*** Opening of The records ***
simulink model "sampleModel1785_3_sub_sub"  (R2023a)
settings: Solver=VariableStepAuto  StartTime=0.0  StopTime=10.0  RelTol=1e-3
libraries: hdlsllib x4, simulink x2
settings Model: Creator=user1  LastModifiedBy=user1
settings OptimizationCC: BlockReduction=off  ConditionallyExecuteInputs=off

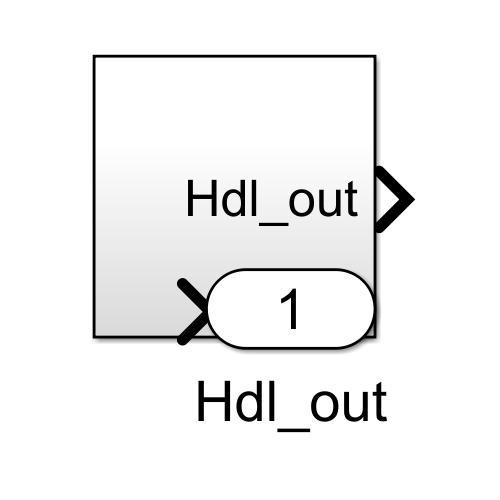
[thumbnail: Simulink's stored preview of the top-level diagram]
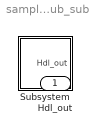
== system sampleModel1785_3_sub_sub ==
  Subsystem : Subsystem
  Hdl_out : Outport  OutDataTypeStr=uint8

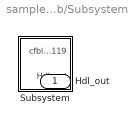
== system sampleModel1785_3_sub_sub/Subsystem ==
  Subsystem : Subsystem
  Hdl_out : Outport  OutDataTypeStr=uint8

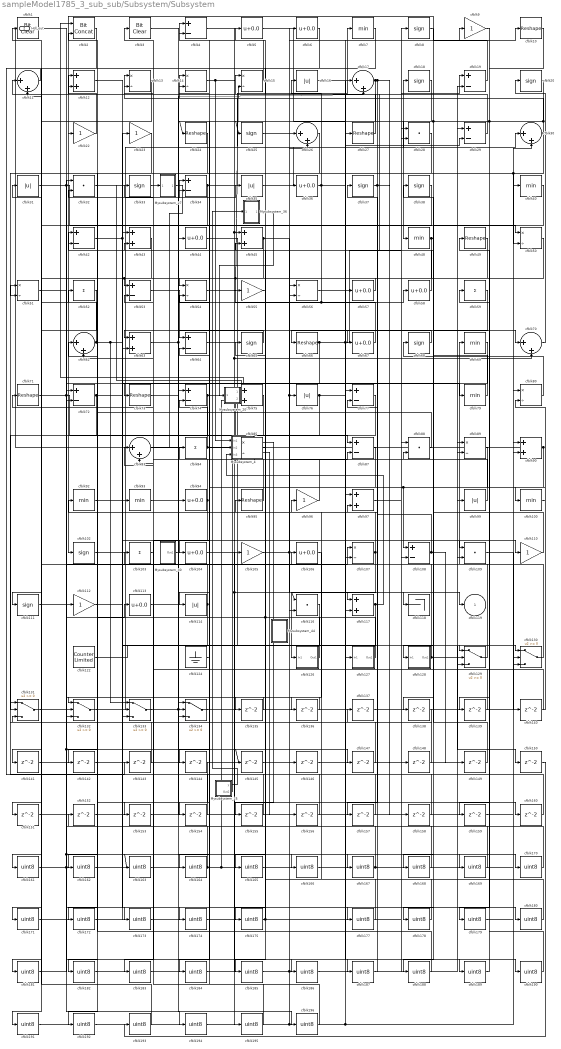
== system sampleModel1785_3_sub_sub/Subsystem/Subsystem ==
  Mysubsystem_20 : Subsystem  TreatAsAtomicUnit=on  RTWFcnName=Mysubsystem_20
      settings: RTWFcnNameOpts=User specified  RTWFileNameOpts=Use function name
  Mysubsystem_25 : Subsystem  TreatAsAtomicUnit=on  RTWFcnName=Mysubsystem_25
      settings: RTWFcnNameOpts=User specified  RTWFileNameOpts=Use function name
  Mysubsystem_27 : Subsystem  TreatAsAtomicUnit=on  RTWFcnName=Mysubsystem_27
      settings: RTWFcnNameOpts=User specified  RTWFileNameOpts=Use function name
  Mysubsystem_30 : Subsystem  TreatAsAtomicUnit=on  RTWFcnName=Mysubsystem_30
      settings: RTWFcnNameOpts=User specified  RTWFileNameOpts=Use function name
  Mysubsystem_36 : Subsystem  TreatAsAtomicUnit=on  RTWFcnName=Mysubsystem_36
      settings: RTWFcnNameOpts=User specified  RTWFileNameOpts=Use function name
  Mysubsystem_4 : Subsystem  TreatAsAtomicUnit=on  RTWFcnName=Mysubsystem_4
      settings: RTWFcnNameOpts=User specified  RTWFileNameOpts=Use function name
  Mysubsystem_44 : Subsystem  TreatAsAtomicUnit=on  RTWFcnName=Mysubsystem_44
      settings: RTWFcnNameOpts=User specified  RTWFileNameOpts=Use function name
  cfblk1 : simulink/Logic and Bit Operations/Bit Clear  iBit=0
      settings: LibrarySourceBlock=|
      | hdlsllib/Logic and Bit
      | Operations/Bit Clear
  cfblk{10,24,27,49,66,71,73,95} (8 alike) : Reshape
  cfblk{7,40,48,69,79,92..93,100} (8 alike) : MinMax  OutDataTypeStr=uint8
  cfblk{8,18,20,25,33,37..38,65,68,102,111} (11 alike) : Signum
  cfblk{52,59,84,103} (4 alike) : Sum  Inputs=+  OutDataTypeStr=uint8
  cfblk{5..6,36,44,57..58,67,94,104,106,113} (11 alike) : Bias  Bias=0.0  SaturateOnIntegerOverflow=off
  cfblk{9,22..23,55,96,105,110,112} (8 alike) : Gain  OutDataTypeStr=uint8
  cfblk{13..15,50..51,54,56,80,85,89,107} (11 alike) : Product  Inputs=*/  OutDataTypeStr=uint8  RndMeth=Zero  SaturateOnIntegerOverflow=on
  cfblk{4,19,29,34,42,53,64,72,74,77,87,108} (12 alike) : Sum  Inputs=+-  OutDataTypeStr=uint8
  cfblk{28,32,88,109,116} (5 alike) : DotProduct  OutDataTypeStr=uint8
  cfblk{11,17,26,30,62,70,83} (7 alike) : Sum  Inputs=|++  OutDataTypeStr=uint8
  cfblk{16,31,35,76,99,114} (6 alike) : Abs  OutDataTypeStr=uint8  SaturateOnIntegerOverflow=off
  cfblk{12,43,45,63,75,90,97,117} (8 alike) : Sum  OutDataTypeStr=uint8
  cfblk118 : Terminator
  cfblk122 : hdlsllib/Sources/Counter Limited  uplimit=7  tsamp=-1
  cfblk124 : Ground
  cfblk126 : Subsystem
      settings: LibrarySourceBlock=|
      | hdlsllib/Ports &
      | Subsystems/Subsystem
  cfblk127 : Subsystem
      settings: LibrarySourceBlock=|
      | hdlsllib/Ports &
      | Subsystems/Subsystem
  cfblk128 : Subsystem
      settings: LibrarySourceBlock=|
      | hdlsllib/Ports &
      | Subsystems/Subsystem
  cfblk{129..134} (6 alike) : Switch  OutDataTypeStr=uint8  SaturateOnIntegerOverflow=off  InputSameDT=off
  cfblk{135..160} (26 alike) : Delay  SampleTime=1
  cfblk{161..175,177..196} (35 alike) : DataTypeConversion  OutDataTypeStr=uint8  SaturateOnIntegerOverflow=off  RndMeth=Floor
  cfblk2 : hdlsllib/Logic and Bit Operations/Bit Concat  numInputs=2
  cfblk3 : simulink/Logic and Bit Operations/Bit Clear  iBit=0
      settings: LibrarySourceBlock=|
      | hdlsllib/Logic and Bit
      | Operations/Bit Clear
  cfblk119 : Outport  OutDataTypeStr=uint8  VectorParamsAs1DForOutWhenUnconnected=off
  Hdl_out : Outport  Port=2  OutDataTypeStr=uint8
  wires:
  Mysubsystem_36/1(Out1) -> Mysubsystem_20/1(In1)
  Mysubsystem_25/1(y) -> Mysubsystem_36/1(In1)
  Mysubsystem_30/1(Out1) -> cfblk134/3
  Mysubsystem_27/1(Out1) -> Mysubsystem_4/2(In2)
  Mysubsystem_20/2(Out2) -> Mysubsystem_27/1(In1)
  Mysubsystem_25/2(Out2) -> cfblk85/1
  Mysubsystem_20/1(Out1) -> cfblk2/1
  Mysubsystem_4/2(Out2) -> cfblk156/1
  Mysubsystem_4/1(Out1) -> cfblk155/1
  cfblk196/1 -> cfblk84/1
  cfblk3/1 -> cfblk196/1
  cfblk195/1 -> cfblk3/1
  cfblk54/1 -> cfblk195/1
  cfblk194/1 -> cfblk17/1, cfblk130/3, cfblk36/1
  cfblk193/1 -> cfblk1/1
  cfblk150/1 -> cfblk193/1
  cfblk192/1 -> cfblk56/2
  cfblk191/1 -> cfblk56/1
  cfblk52/1 -> cfblk191/1
  cfblk190/1 -> cfblk49/1
  cfblk56/1 -> cfblk190/1
  cfblk189/1 -> cfblk59/1
  cfblk188/1 -> cfblk152/1
  cfblk59/1 -> cfblk188/1
  cfblk187/1 -> cfblk77/2
  cfblk186/1 -> cfblk77/1
  cfblk185/1 -> cfblk146/1, cfblk109/2
  cfblk184/1 -> cfblk28/2
  cfblk183/1 -> cfblk28/1
  cfblk182/1 -> cfblk105/1
  cfblk28/1 -> cfblk182/1
  cfblk181/1 -> cfblk112/1
  cfblk13/1 -> cfblk181/1
  cfblk180/1 -> cfblk96/1
  cfblk112/1 -> cfblk180/1
  cfblk179/1 -> cfblk40/1
  cfblk9/1 -> cfblk179/1
  cfblk178/1 -> cfblk137/1
  cfblk40/1 -> cfblk178/1
  cfblk177/1 -> cfblk85/2
  cfblk12/1 -> cfblk177/1
  cfblk175/1 -> cfblk65/1, cfblk88/1
  cfblk174/1 -> cfblk26/2
  cfblk92/1 -> cfblk174/1
  cfblk173/1 -> cfblk26/1
  cfblk172/1 -> cfblk6/1
  cfblk26/1 -> cfblk172/1
  cfblk171/1 -> cfblk93/1
  cfblk170/1 -> cfblk89/1
  cfblk93/1 -> cfblk170/1
  cfblk169/1 -> cfblk83/2
  cfblk153/1 -> cfblk169/1
  cfblk168/1 -> cfblk83/1
  cfblk8/1 -> cfblk168/1
  cfblk167/1 -> cfblk32/1, cfblk29/1
  cfblk166/1 -> cfblk90/2
  cfblk32/1 -> cfblk166/1
  cfblk165/1 -> cfblk90/1
  cfblk55/1 -> cfblk165/1
  cfblk164/1 -> cfblk116/2, cfblk75/2, cfblk2/2
  cfblk163/1 -> cfblk43/2
  cfblk162/1 -> cfblk43/1
  cfblk144/1 -> cfblk162/1
  cfblk161/1 -> cfblk99/1, cfblk173/1
  cfblk160/1 -> cfblk54/2
  cfblk159/1 -> cfblk80/1
  cfblk10/1 -> cfblk159/1
  cfblk158/1 -> cfblk97/2
  cfblk157/1 -> cfblk14/2
  cfblk156/1 -> cfblk131/1
  cfblk155/1 -> cfblk72/1
  cfblk154/1 -> cfblk134/1
  cfblk87/1 -> cfblk154/1
  cfblk152/1 -> cfblk34/2
  cfblk151/1 -> cfblk30/2
  cfblk149/1 -> cfblk88/2
  cfblk148/1 -> cfblk12/2
  cfblk147/1 -> cfblk64/2
  cfblk146/1 -> cfblk19/2
  cfblk145/1 -> cfblk45/2
  cfblk116/1 -> cfblk144/1
  cfblk143/1 -> cfblk51/1
  cfblk11/1 -> cfblk143/1
  cfblk142/1 -> cfblk129/2
  cfblk75/1 -> cfblk142/1
  cfblk141/1 -> cfblk89/2
  cfblk6/1 -> cfblk141/1
  cfblk140/1 -> cfblk74/1
  cfblk109/1 -> cfblk140/1
  cfblk139/1 -> cfblk53/2
  cfblk138/1 -> cfblk131/3
  cfblk137/1 -> cfblk108/2
  cfblk136/1 -> cfblk132/2
  cfblk106/1 -> cfblk136/1
  cfblk135/1 -> cfblk132/1
  cfblk7/1 -> cfblk135/1
  cfblk29/1 -> cfblk12/1
  cfblk38/1 -> cfblk111/1
  cfblk30/1 -> cfblk50/2, cfblk114/1, cfblk24/1, cfblk13/2
  cfblk14/1 -> Mysubsystem_4/1(In1), cfblk45/1, cfblk129/3
  cfblk77/1 -> cfblk185/1
  cfblk4/1 -> cfblk70/2, cfblk109/1
  cfblk85/1 -> cfblk175/1
  cfblk20/1 -> cfblk25/1, cfblk138/1, cfblk139/1
  cfblk49/1 -> cfblk132/3, cfblk55/1
  cfblk107/1 -> cfblk126/1(In1), cfblk92/1
  cfblk42/1 -> cfblk23/1, cfblk147/1
  cfblk33/1 -> cfblk70/1
  cfblk24/1 -> cfblk63/2
  cfblk51/1 -> cfblk163/1, cfblk186/1, cfblk145/1
  cfblk73/1 -> cfblk35/1
  cfblk100/1 -> cfblk80/2
  cfblk95/1 -> cfblk62/2
  cfblk44/1 -> cfblk97/1
  cfblk58/1 -> cfblk13/1
  cfblk90/1 -> cfblk164/1, Hdl_out/1
  cfblk97/1 -> cfblk19/1
  cfblk63/1 -> cfblk94/1, cfblk17/2
  cfblk134/1 -> cfblk100/1
  cfblk50/1 -> cfblk53/1, cfblk151/1
  cfblk37/1 -> cfblk67/1, cfblk148/1
  cfblk62/1 -> cfblk110/1, cfblk133/1, cfblk11/2
  cfblk131/1 -> cfblk113/1
  cfblk23/1 -> cfblk51/2
  cfblk53/1 -> cfblk64/1
  cfblk124/1 -> cfblk4/2
  cfblk70/1 -> cfblk20/1
  cfblk15/1 -> cfblk4/1
  cfblk103/1 -> cfblk33/1
  cfblk88/1 -> cfblk52/1
  cfblk1/1 -> cfblk194/1
  cfblk68/1 -> cfblk66/1
  cfblk48/1 -> cfblk128/1(In1), cfblk171/1
  cfblk79/1 -> cfblk38/1
  cfblk65/1 -> cfblk63/1
  cfblk76/1 -> cfblk27/1, cfblk192/1
  cfblk45/1 -> cfblk76/1, cfblk117/2, cfblk104/1
  cfblk111/1 -> cfblk107/1
  cfblk128/1(Out1) -> cfblk103/1, cfblk150/1
  cfblk83/1 -> cfblk167/1
  cfblk72/1 -> cfblk130/2, cfblk131/2
  cfblk69/1 -> cfblk73/1
  cfblk94/1 -> cfblk71/1, cfblk183/1
  cfblk127/1(Out1) -> cfblk42/2, cfblk95/1
  cfblk57/1 -> cfblk54/1
  cfblk22/1 -> cfblk11/1
  cfblk122/1 -> cfblk130/1
  cfblk16/1 -> cfblk127/1(In1)
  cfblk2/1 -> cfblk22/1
*** Close of The records ***
> **Try it**
Once you find the line with "Mysubsystem_27 : Subsystem" above, print it and every line after it up to and including the line with "(4 alike) : Sum", exactly as written and nothing else.

> **Response for this exercise**
  Mysubsystem_27 : Subsystem  TreatAsAtomicUnit=on  RTWFcnName=Mysubsystem_27
      settings: RTWFcnNameOpts=User specified  RTWFileNameOpts=Use function name
  Mysubsystem_30 : Subsystem  TreatAsAtomicUnit=on  RTWFcnName=Mysubsystem_30
      settings: RTWFcnNameOpts=User specified  RTWFileNameOpts=Use function name
  Mysubsystem_36 : Subsystem  TreatAsAtomicUnit=on  RTWFcnName=Mysubsystem_36
      settings: RTWFcnNameOpts=User specified  RTWFileNameOpts=Use function name
  Mysubsystem_4 : Subsystem  TreatAsAtomicUnit=on  RTWFcnName=Mysubsystem_4
      settings: RTWFcnNameOpts=User specified  RTWFileNameOpts=Use function name
  Mysubsystem_44 : Subsystem  TreatAsAtomicUnit=on  RTWFcnName=Mysubsystem_44
      settings: RTWFcnNameOpts=User specified  RTWFileNameOpts=Use function name
  cfblk1 : simulink/Logic and Bit Operations/Bit Clear  iBit=0
      settings: LibrarySourceBlock=|
      | hdlsllib/Logic and Bit
      | Operations/Bit Clear
  cfblk{10,24,27,49,66,71,73,95} (8 alike) : Reshape
  cfblk{7,40,48,69,79,92..93,100} (8 alike) : MinMax  OutDataTypeStr=uint8
  cfblk{8,18,20,25,33,37..38,65,68,102,111} (11 alike) : Signum
  cfblk{52,59,84,103} (4 alike) : Sum  Inputs=+  OutDataTypeStr=uint8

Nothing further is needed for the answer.